I don't think that's a _western_ perspective, I think that's _your_
perspective. The actual western perspective likes robots, toys, toy weapons,
robotic toys, and robotic toy weapons, and all the various combinations
thereof. Nerf and Transformers have been cultural staples for decades.

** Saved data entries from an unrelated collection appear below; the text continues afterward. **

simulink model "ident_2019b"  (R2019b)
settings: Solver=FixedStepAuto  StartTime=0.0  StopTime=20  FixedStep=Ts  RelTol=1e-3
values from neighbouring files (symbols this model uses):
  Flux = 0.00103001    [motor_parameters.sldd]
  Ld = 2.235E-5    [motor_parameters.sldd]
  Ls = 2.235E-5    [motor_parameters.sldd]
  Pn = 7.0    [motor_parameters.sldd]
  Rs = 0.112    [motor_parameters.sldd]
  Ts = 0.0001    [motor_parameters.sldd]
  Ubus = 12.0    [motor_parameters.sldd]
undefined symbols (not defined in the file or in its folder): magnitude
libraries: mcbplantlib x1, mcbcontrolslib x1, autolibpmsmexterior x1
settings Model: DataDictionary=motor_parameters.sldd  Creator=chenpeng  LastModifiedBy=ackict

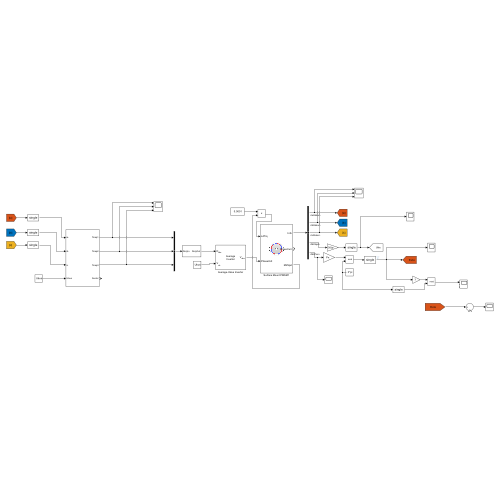
[thumbnail: Simulink's stored preview of the top-level diagram]
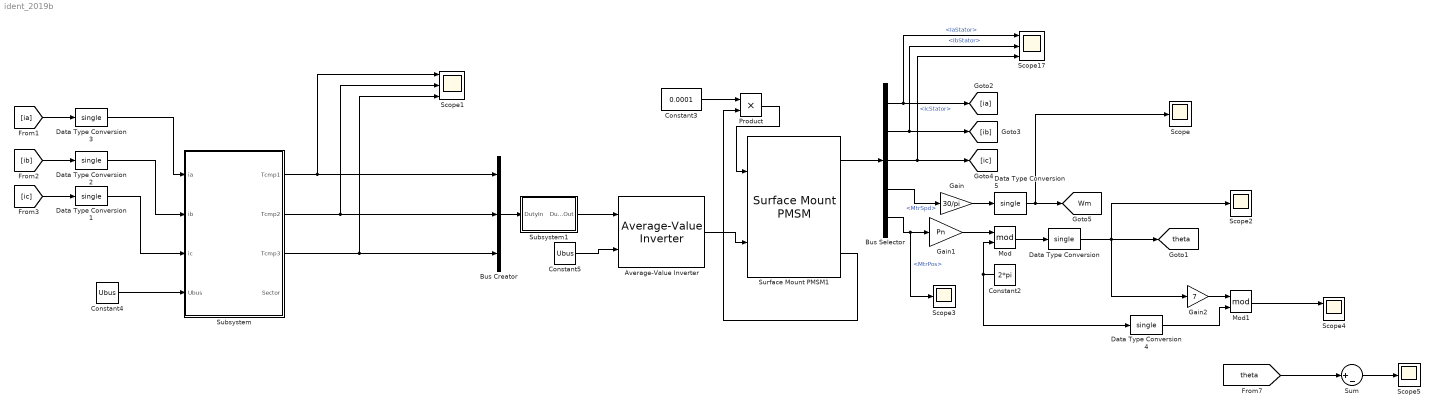
== system ident_2019b ==
  Average-Value Inverter : mcbplantlib/Average-Value Inverter
  Bus Creator : BusCreator  Inputs=3
  Bus Selector : BusSelector  OutputSignals=IaStator,IbStator,IcStator,MtrSpd,MtrPos
  Constant2 : Constant  Value=2*pi
  Constant3 : Constant  Value=0.0001  OutDataTypeStr=double
  Constant4 : Constant  Value=Ubus  OutDataTypeStr=single
  Constant5 : Constant  Value=Ubus  OutDataTypeStr=single
  Data Type Conversion{,1..5} (6 alike) : DataTypeConversion  OutDataTypeStr=single
  Gain : Gain  Gain=30/pi
  Gain1 : Gain  Gain=Pn
  Gain2 : Gain  Gain=7
  Mod : Math  Operator=mod  SaturateOnIntegerOverflow=on
  Mod1 : Math  Operator=mod  SaturateOnIntegerOverflow=on
  Product : Product
  Scope{,2..3,5} (4 alike) : Scope
  Scope1 : Scope  NumInputPorts=3
  Scope17 : Scope  NumInputPorts=3
  Scope4 : Scope  NumInputPorts=2
  Subsystem : Subsystem
  Subsystem1 : Subsystem
  Sum : Sum  Inputs=|+-
  Surface Mount PMSM1 : autolibpmsmexterior/Surface Mount PMSM  port_config=Torque  sim_type=Discrete  Ts=Ts  FilePath=E:\Sandbox\Bauto\Work\surfacepmsm_motordata.m  P=Pn  Rs=Rs  Ldq_=Ls  KConstText=Permanent flux linkage constant (lambda_pm):  lambda_pm=Flux  Ke=159.9771  Kt=1.323  mechanical=[0.0027, 4.924e-4, 0]  idq0=[0 0]  theta_init=0  omega_init=0  KConst=Flux  lambda_pm_calc=Flux  RefBlkName='autolibpmsmexterior/Surface Mount PMSM'  aMode=1  Ldq="[0.0003752   0.0003752]"
  tag scope: Wm=global, theta=global
  wires:
  Data Type Conversion3/1 -> Subsystem/1(ia)
  [ic] -> Data Type Conversion1/1
  Data Type Conversion1/1 -> Subsystem/3(ic)
  [ib] -> Data Type Conversion2/1
  [ia] -> Data Type Conversion3/1
  Data Type Conversion2/1 -> Subsystem/2(ib)
  Constant4/1 -> Subsystem/4(Ubus)
  Mod/1 -> Data Type Conversion/1
  Bus Selector/2 -> Scope17/2, [ib]  "<IbStator>"
  Subsystem/3(Tcmp3) -> Scope1/3, Bus Creator/3
  Data Type Conversion4/1 -> Mod1/2
  Constant2/1 -> Data Type Conversion4/1, Mod/2
  Subsystem/1(Tcmp1) -> Bus Creator/1, Scope1/1
  [theta] -> Sum/1
  Sum/1 -> Scope5/1
  Subsystem/2(Tcmp2) -> Scope1/2, Bus Creator/2
  Bus Selector/4 -> Gain/1  "<MtrSpd>"
  Product/1 -> Surface Mount PMSM1/1
  Mod1/1 -> Scope4/1
  Surface Mount PMSM1/1 -> Bus Selector/1
  Gain2/1 -> Mod1/1
  Surface Mount PMSM1/3 -> Product/2
  Subsystem1/1(DutyOut) -> Average-Value Inverter/1
  Constant5/1 -> Average-Value Inverter/2
  Average-Value Inverter/1 -> Surface Mount PMSM1/2
  Bus Selector/1 -> [ia], Scope17/1  "<IaStator>"
  Bus Selector/5 -> Scope3/1, Gain1/1  "<MtrPos>"
  Bus Creator/1 -> Subsystem1/1(DutyIn)
  Data Type Conversion/1 -> Scope2/1, Gain2/1, [theta]
  Bus Selector/3 -> Scope17/3, [ic]  "<IcStator>"
  Gain1/1 -> Mod/1
  Constant3/1 -> Product/1
  Data Type Conversion5/1 -> Scope/1, [Wm]
  Gain/1 -> Data Type Conversion5/1

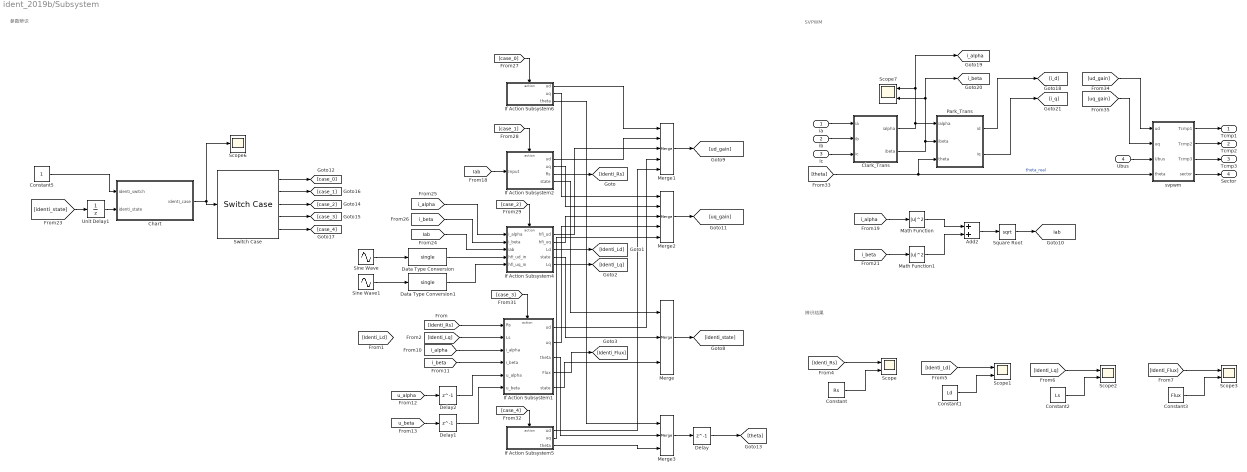
== system ident_2019b/Subsystem ==
  note: 参数辨识
  note: 辨识结果
  note: SVPWM
  ia : Inport  OutDataTypeStr=single  SampleTime=0.0001
  ib : Inport  Port=2  OutDataTypeStr=single  SampleTime=0.0001
  ic : Inport  Port=3  OutDataTypeStr=single  SampleTime=0.0001
  Ubus : Inport  Port=4  SampleTime=0.0001
  Add2 : Sum
  Chart : Stateflow chart  TreatAsAtomicUnit=on
  Clark_Trans : Subsystem  TreatAsAtomicUnit=on
  Constant : Constant  Value=Rs  OutDataTypeStr=single
  Constant1 : Constant  Value=Ld  OutDataTypeStr=single
  Constant2 : Constant  Value=Ls  OutDataTypeStr=single
  Constant3 : Constant  Value=Flux  OutDataTypeStr=single
  Constant5 : Constant  OutDataTypeStr=single
  Data Type Conversion : DataTypeConversion  OutDataTypeStr=single
  Data Type Conversion1 : DataTypeConversion  OutDataTypeStr=single
  Delay : Delay  DelayLength=1
  Delay1 : Delay  DelayLength=1
  Delay2 : Delay  DelayLength=1
  If Action Subsystem1 : Subsystem  TreatAsAtomicUnit=on
  If Action Subsystem2 : Subsystem  TreatAsAtomicUnit=on
  If Action Subsystem4 : Subsystem  TreatAsAtomicUnit=on
  If Action Subsystem5 : Subsystem  TreatAsAtomicUnit=on
  If Action Subsystem6 : Subsystem  TreatAsAtomicUnit=on
  Math Function : Math  Operator=magnitude^2  SignedPower=on  OutputSignalType=real  SaturateOnIntegerOverflow=on
  Math Function1 : Math  Operator=magnitude^2  SignedPower=on  OutputSignalType=real  SaturateOnIntegerOverflow=on
  Merge : Merge  Inputs=3
  Merge1 : Merge  Inputs=5
  Merge2 : Merge  Inputs=5
  Merge3 : Merge  Inputs=3
  Park_Trans : Subsystem  TreatAsAtomicUnit=on
  Scope{,1..3,7} (5 alike) : Scope  NumInputPorts=2
  Scope6 : Scope
  Sine Wave : Sin  Amplitude=2  Frequency=1884  SampleTime=0.0001
  Sine Wave1 : Sin  Amplitude=2  Frequency=1884  Phase=pi/2  SampleTime=0.0001
  Square Root : Sqrt  SaturateOnIntegerOverflow=on
  Switch Case : SwitchCase  CaseConditions={0,1,2,3,4}  ShowDefaultCase=off
  Unit Delay1 : UnitDelay  SampleTime=-1  HasFrameUpgradeWarning=on
  svpwm : Subsystem
  Tcmp1 : Outport
  Tcmp2 : Outport  Port=2
  Tcmp3 : Outport  Port=3
  Sector : Outport  Port=4
  tag scope: Iab=global, i_alpha=global, i_beta=global
  wires:
  If Action Subsystem6/1(ud) -> Merge1/1
  Data Type Conversion1/1 -> If Action Subsystem4/5(hfi_uq_in)
  Switch Case/1 -> [case_0]
  If Action Subsystem1/4(Flux) -> [Identi_Flux]
  If Action Subsystem4/2(hfi_uq) -> Merge2/3
  Merge/1 -> [identi_state]
  Ubus/1 -> svpwm/3(Ubus)
  Clark_Trans/2(ibeta) -> [i_beta], Scope7/2, Park_Trans/2(ibeta)
  If Action Subsystem4/4(state) -> Merge/2
  Switch Case/4 -> [case_3]
  If Action Subsystem2/2(uq) -> Merge2/2
  Clark_Trans/1(ialpha) -> [i_alpha], Scope7/1, Park_Trans/1(ialpha)
  Switch Case/2 -> [case_1]
  Merge3/1 -> Delay/1
  Math Function1/1 -> Add2/2
  [i_beta] -> If Action Subsystem4/2(i_beta)
  [theta] -> svpwm/4(theta), Park_Trans/3(theta)  "theta_real"
  [Iab] -> If Action Subsystem4/3(iab)
  If Action Subsystem6/3(theta) -> Merge3/1
  [ud_gain] -> svpwm/1(ud)
  Data Type Conversion/1 -> If Action Subsystem4/4(hfi_ud_in)
  If Action Subsystem5/2(uq) -> Merge2/5
  svpwm/4(sector) -> Sector/1
  Park_Trans/2(iq) -> [i_q]
  [case_3] -> If Action Subsystem1/Action
  Sine Wave/1 -> Data Type Conversion/1
  If Action Subsystem2/1(ud) -> Merge1/2
  Switch Case/3 -> [case_2]
  svpwm/1(Tcmp1) -> Tcmp1/1
  Constant5/1 -> Chart/1(identi_switch)
  [case_1] -> If Action Subsystem2/Action
  ia/1 -> Clark_Trans/1(ia)
  ic/1 -> Clark_Trans/3(ic)
  If Action Subsystem1/2(uq) -> Merge2/4
  [i_alpha] -> Math Function/1
  Math Function/1 -> Add2/1
  ib/1 -> Clark_Trans/2(ib)
  If Action Subsystem1/1(ud) -> Merge1/4
  If Action Subsystem5/3(theta) -> Merge3/3
  Square Root/1 -> [Iab]
  [case_4] -> If Action Subsystem5/Action
  Park_Trans/1(id) -> [i_d]
  Add2/1 -> Square Root/1
  [i_alpha] -> If Action Subsystem4/1(i_alpha)
  [Iab] -> If Action Subsystem2/1(Input)
  If Action Subsystem1/3(theta) -> Merge3/2
  Chart/1(identi_case) -> Scope6/1, Switch Case/1
  [case_0] -> If Action Subsystem6/Action
  [Identi_Lq] -> If Action Subsystem1/2(Ls)
  Switch Case/5 -> [case_4]
  [case_2] -> If Action Subsystem4/Action
  [i_beta] -> Math Function1/1
  Unit Delay1/1 -> Chart/2(identi_state)
  [identi_state] -> Unit Delay1/1
  Merge1/1 -> [ud_gain]
  Sine Wave1/1 -> Data Type Conversion1/1
  If Action Subsystem4/1(hfi_ud) -> Merge1/3
  svpwm/2(Tcmp2) -> Tcmp2/1
  svpwm/3(Tcmp3) -> Tcmp3/1
  Merge2/1 -> [uq_gain]
  If Action Subsystem5/1(ud) -> Merge1/5
  [uq_gain] -> svpwm/2(uq)
  If Action Subsystem2/4(state) -> Merge/1
  If Action Subsystem1/5(state) -> Merge/3
  If Action Subsystem6/2(uq) -> Merge2/1
  If Action Subsystem4/3(Ld) -> [Identi_Ld]
  [Identi_Rs] -> If Action Subsystem1/1(Rs)
  If Action Subsystem2/3(Rs) -> [Identi_Rs]
  [Identi_Rs] -> Scope/1
  Constant/1 -> Scope/2
  [Identi_Ld] -> Scope1/1
  Constant1/1 -> Scope1/2
  [Identi_Lq] -> Scope2/1
  Constant2/1 -> Scope2/2
  [Identi_Flux] -> Scope3/1
  Constant3/1 -> Scope3/2
  If Action Subsystem4/5(Lq) -> [Identi_Lq]
  [i_alpha] -> If Action Subsystem1/3(i_alpha)
  [i_beta] -> If Action Subsystem1/4(i_beta)
  Delay/1 -> [theta]
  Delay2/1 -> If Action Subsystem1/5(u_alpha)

This isn't even the first commercial toy robot with a toy gun on it:
[https://www.amazon.com/Nerf-Creatures-TerraDrone-
Discontinue...](https://www.amazon.com/Nerf-Creatures-TerraDrone-Discontinued-
manufacturer/dp/B00K2QZQUQ)

Or the second: [https://www.amazon.com/TerraScout-Nerf-N-Strike-Official-
Rec...](https://www.amazon.com/TerraScout-Nerf-N-Strike-Official-
Rechargeable/dp/B01DREMRGK)

Or the third: [https://www.amazon.com/Unknown-782-USB-Missile-
Launcher/dp/B...](https://www.amazon.com/Unknown-782-USB-Missile-
Launcher/dp/B000XYR2CM)

Or the hundredth: [https://www.amazon.com/Liberty-Imports-Control-Military-
Airs...](https://www.amazon.com/Liberty-Imports-Control-Military-
Airsoft/dp/B01M23XELQ)

I guess you could argue the programmable nature of this somehow sets it apart,
but I don't see how.

> Is the culture gap that big, or is there another reason?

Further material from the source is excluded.